Data integration and mediation have become central concerns of information technology over the past few decades. With the advent of the Web and the rapid increases in the amount of data and the number of Web documents and users, researchers have focused on enhancing the interoperability of data through the development of metadata schemes. Other researchers have looked to the wealth of metadata generated by bookmarking sites on the Social Web. While several existing ontologies capitalize on the semantics of metadata created by tagging activities, the Upper Tag Ontology (UTO) emphasizes the structure of tagging activities to facilitate modeling of tagging data and the integration of data from different bookmarking sites as well as the alignment of tagging ontologies. UTO is described and its utility in modeling, harvesting, integrating, searching and analyzing data is demonstrated with metadata harvested from three major social tagging systems (Delicious, Flickr and YouTube).

Social Tagging Network Analysis

This project aims to use social network analysis to portray the social vocabulary evolving in there major social tagging websites: Delicious, Flickr and YouTube. Large set of crawled tagging will be analyzed based on the major social network analysis methods.

PageRank for Scholarly Ranking and Social Influence Analysis

Using scholarly data (citations and publications) to form scholarly networks to identify the influential authors, journals, or papers. Ranking individuals based on the combined factors, such as citation time, multi-mode graphs and so on.
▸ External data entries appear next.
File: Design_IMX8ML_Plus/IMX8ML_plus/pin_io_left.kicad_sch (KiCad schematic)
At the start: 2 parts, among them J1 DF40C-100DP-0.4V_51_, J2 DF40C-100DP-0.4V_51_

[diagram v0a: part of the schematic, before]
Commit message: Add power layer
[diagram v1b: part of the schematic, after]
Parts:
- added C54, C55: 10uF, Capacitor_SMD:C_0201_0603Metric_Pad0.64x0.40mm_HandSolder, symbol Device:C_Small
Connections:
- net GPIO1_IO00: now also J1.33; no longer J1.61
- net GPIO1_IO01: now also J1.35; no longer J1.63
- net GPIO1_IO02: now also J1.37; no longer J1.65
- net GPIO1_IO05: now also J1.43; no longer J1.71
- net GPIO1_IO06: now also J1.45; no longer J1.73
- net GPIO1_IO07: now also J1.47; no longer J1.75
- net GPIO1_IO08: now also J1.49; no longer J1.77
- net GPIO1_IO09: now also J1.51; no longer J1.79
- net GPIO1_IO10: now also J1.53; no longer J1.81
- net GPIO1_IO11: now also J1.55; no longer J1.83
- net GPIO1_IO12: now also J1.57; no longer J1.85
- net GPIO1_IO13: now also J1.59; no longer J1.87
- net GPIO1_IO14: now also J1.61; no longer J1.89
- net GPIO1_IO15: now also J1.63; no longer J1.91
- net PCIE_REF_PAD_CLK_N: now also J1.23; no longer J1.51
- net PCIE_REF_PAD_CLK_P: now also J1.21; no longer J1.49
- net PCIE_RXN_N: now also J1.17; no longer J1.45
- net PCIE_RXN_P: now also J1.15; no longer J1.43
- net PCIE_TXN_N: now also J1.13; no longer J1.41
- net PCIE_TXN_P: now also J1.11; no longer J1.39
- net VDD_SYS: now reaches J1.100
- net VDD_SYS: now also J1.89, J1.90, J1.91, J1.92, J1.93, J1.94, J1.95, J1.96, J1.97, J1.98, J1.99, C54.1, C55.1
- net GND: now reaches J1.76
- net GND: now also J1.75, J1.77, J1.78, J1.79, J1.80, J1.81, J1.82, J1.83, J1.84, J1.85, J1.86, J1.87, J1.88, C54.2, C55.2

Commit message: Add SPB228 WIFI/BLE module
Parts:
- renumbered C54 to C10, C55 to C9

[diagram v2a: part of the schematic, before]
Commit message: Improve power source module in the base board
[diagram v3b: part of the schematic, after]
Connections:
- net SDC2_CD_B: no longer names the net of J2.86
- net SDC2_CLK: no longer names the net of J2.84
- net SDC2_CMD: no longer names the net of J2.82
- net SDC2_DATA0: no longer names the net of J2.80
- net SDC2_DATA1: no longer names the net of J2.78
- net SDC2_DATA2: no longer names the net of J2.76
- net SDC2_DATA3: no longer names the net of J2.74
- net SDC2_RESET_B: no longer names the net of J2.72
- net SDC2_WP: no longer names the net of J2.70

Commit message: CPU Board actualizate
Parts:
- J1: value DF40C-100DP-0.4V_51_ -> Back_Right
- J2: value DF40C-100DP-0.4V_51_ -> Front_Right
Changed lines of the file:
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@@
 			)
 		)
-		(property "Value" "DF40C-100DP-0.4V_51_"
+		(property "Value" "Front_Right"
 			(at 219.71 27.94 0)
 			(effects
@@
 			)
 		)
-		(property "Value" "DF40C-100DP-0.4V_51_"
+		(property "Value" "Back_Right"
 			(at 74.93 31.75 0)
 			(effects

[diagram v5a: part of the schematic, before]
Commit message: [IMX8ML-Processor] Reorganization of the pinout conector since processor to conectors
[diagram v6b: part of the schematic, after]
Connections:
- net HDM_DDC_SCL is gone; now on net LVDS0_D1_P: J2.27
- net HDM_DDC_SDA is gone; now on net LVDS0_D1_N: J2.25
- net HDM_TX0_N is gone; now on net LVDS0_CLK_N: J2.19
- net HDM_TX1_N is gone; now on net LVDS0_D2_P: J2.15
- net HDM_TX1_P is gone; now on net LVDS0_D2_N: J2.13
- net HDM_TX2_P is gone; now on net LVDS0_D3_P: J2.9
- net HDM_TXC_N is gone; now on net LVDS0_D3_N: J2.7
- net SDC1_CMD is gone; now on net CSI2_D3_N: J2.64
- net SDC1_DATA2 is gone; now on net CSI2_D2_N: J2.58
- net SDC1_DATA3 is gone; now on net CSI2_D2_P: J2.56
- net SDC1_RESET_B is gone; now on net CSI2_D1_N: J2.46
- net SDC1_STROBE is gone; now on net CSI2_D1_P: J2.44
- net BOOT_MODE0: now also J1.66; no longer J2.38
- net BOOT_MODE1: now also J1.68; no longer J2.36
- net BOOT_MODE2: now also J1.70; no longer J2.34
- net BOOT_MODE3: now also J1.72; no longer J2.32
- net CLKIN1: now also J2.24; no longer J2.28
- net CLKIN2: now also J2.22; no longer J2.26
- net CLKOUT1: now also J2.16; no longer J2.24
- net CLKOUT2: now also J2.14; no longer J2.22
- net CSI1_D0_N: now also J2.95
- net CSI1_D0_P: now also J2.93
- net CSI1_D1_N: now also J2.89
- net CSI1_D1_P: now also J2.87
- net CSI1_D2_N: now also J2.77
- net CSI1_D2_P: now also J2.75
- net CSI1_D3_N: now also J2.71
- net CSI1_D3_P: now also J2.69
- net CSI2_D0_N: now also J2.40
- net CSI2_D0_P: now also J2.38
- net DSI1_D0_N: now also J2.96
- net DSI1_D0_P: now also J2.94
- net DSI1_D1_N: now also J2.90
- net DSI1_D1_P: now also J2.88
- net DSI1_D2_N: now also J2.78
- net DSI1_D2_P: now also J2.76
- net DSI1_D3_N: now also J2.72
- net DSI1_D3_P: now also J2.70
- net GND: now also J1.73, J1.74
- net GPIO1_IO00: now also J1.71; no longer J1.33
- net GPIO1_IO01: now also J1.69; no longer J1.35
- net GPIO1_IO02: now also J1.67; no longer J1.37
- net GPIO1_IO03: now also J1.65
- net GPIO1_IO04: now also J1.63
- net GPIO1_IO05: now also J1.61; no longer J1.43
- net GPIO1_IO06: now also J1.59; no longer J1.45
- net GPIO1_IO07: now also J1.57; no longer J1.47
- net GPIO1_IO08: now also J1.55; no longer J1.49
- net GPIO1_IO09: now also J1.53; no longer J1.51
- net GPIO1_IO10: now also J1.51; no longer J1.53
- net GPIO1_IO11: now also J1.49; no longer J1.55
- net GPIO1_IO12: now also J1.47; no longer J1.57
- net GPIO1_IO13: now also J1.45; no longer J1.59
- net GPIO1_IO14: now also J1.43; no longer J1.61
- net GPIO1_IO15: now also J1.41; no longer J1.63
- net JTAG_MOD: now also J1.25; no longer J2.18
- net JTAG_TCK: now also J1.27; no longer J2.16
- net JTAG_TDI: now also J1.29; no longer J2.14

Semantic Web for Biochemical Knowledge Discovery

Recent advances in biomedical research have led to an influx of large amount of datasets about genes, proteins, genetic variations, chemical compounds, diseases and drugs. Most of the data only begins to make sense when it is integrated with other data and domain knowledge. This triggers the emerging studies in Network Biology, which models biological objects and reactions as complex networks and utilizes network analysis methods to discover hidden associations. Meanwhile, the cutting-edge Semantic Web technologies enable interoperable data integration and knowledge representation which significantly facilitate publishing, sharing and interlinking biomedical data on the Web. The Semantic Web enables integrative analysis of highly heterogeneous networks. Integrating multiple graphs that may be highly heterogeneous is obviously necessary for advanced network biology and network medicine research.

Research Profiling

Research profiling is a widely-adopted method to monitor research development and rank research performance. This project describes a novel infrastructure to generate semantic-powered research profiling for research fields, organizations and individuals. It uses the proposed Research Ontology to crawl related websites and news feeds, and model them into RDF triple stores to facilitate semantic queries and semantic mining on novelty detection, hot topic detection, dynamics of research, and topic clustering. This RDF triple store contains crawled 1,273,037 unique webpages and 6,467,448 news articles and is a large-scale Terabyte database built upon MySQL.

Linked Open Data (LOD) and its application

- Linking LOD with Patent data

DBpedia is a community effort to extract structured information from Wikipedia and to make this information available on the Web. DBpedia allows users to ask expressive queries *against Wikipedia and to interlink other datasets on the Web with DBpedia data. This paper presents a simple approach to link any dataset to DBpedia and thus making the dataset available for anyone’s use.

- Mashingup semantic music data

The work discusses the MuzkMesh music portal which mashups existing semantic music data from the Linked Open Data (LOD) bubbles and other common APIs. It aims to demo the power of semantic integration and useful use scenarios on music retrieval and entertainment.